Synthesis and photocatalytic H2-production activity of plasma-treated Ti3C2Tx MXene modified graphitic carbon nitride

Plasma processing technology, as a promising method to enhance photocatalytic activity of catalyst, is gradually attracting extensive interest from researchers. However, the main mechanism of plasma-treated photocatalyst on hydrogen production is not clear. In this work, 2D Ti3C2Tx MXene is selected as a co-catalyst of graphitic carbon nitride (g-C3N4), which carries out a plasma treatment (500 degrees C) under N-2/H-2 atmosphere. Due to plasma treatment, there is a higher proportion Ti-O functional groups on surface of layered Ti3C2Tx MXene, especially for Ti4+. The obtained g-C3N4/p-Ti3C2Tx photocatalyst with sandwich-like structure shows an enhanced photocatalytic activity. The rate of hydrogen generation of CN/pTC3.0 sample without Pt co-catalyst is 25.4 and 2.4 times that of pure g-C3N4 and CN/TC3.0 samples, respectively.

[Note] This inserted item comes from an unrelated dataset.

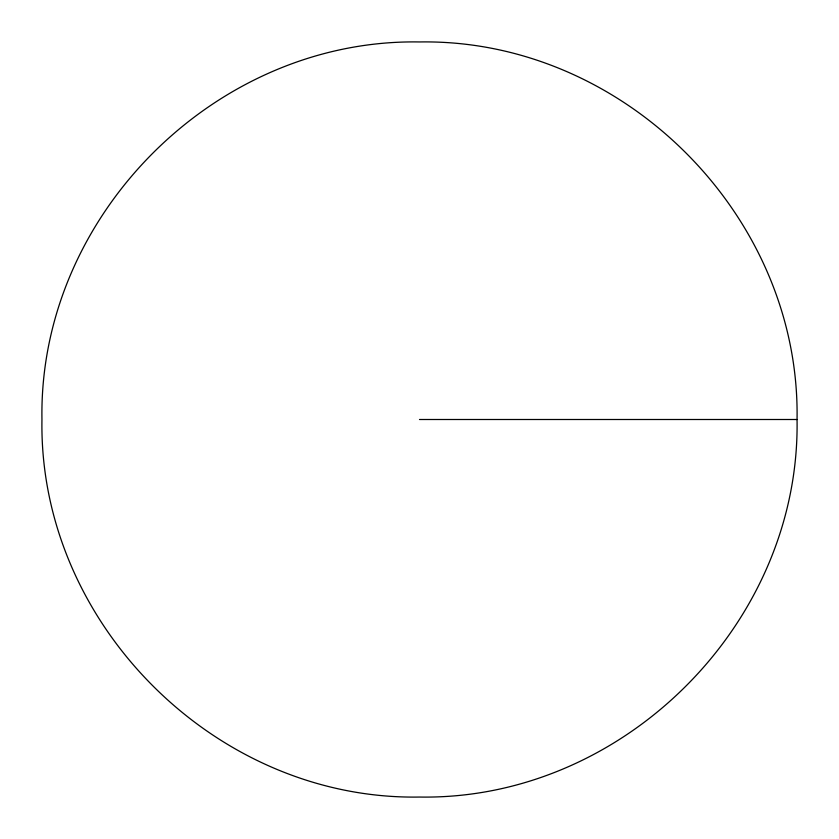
<?xml version="1.0" encoding="UTF-8"?>
<svg xmlns="http://www.w3.org/2000/svg" width="839" height="839" viewBox="0 0 839 839"><rect width="100%" height="100%" fill="white"/><g stroke="black" fill="none" stroke-linecap="round" stroke-linejoin="round"><path stroke-width="1.26" d="M797.05 419.5C800.511 623.304 623.304 800.511 419.5 797.05C215.696 800.511 38.489 623.304 41.95 419.5C38.489 215.696 215.696 38.489 419.5 41.95C623.304 38.489 800.511 215.696 797.05 419.5L419.5 419.5"/></g></svg>

The improved photocatalytic activity is attributed to presence of Ti4+ due to plasma treatment, which can capture photo-induced electron from g-C3N4 and improve the separation of electrons and holes after visible light irradiation. The cyclic hydrogen production of the photocatalyst demonstrates good photocatalytic stability. In addition, this method of plasma treatment under N-2/H-2 atmosphere is feasible to develop a high-performance co-catalyst, which can be extended to other photocatalysts with two-dimensional structure for photocatalytic water-splitting applications.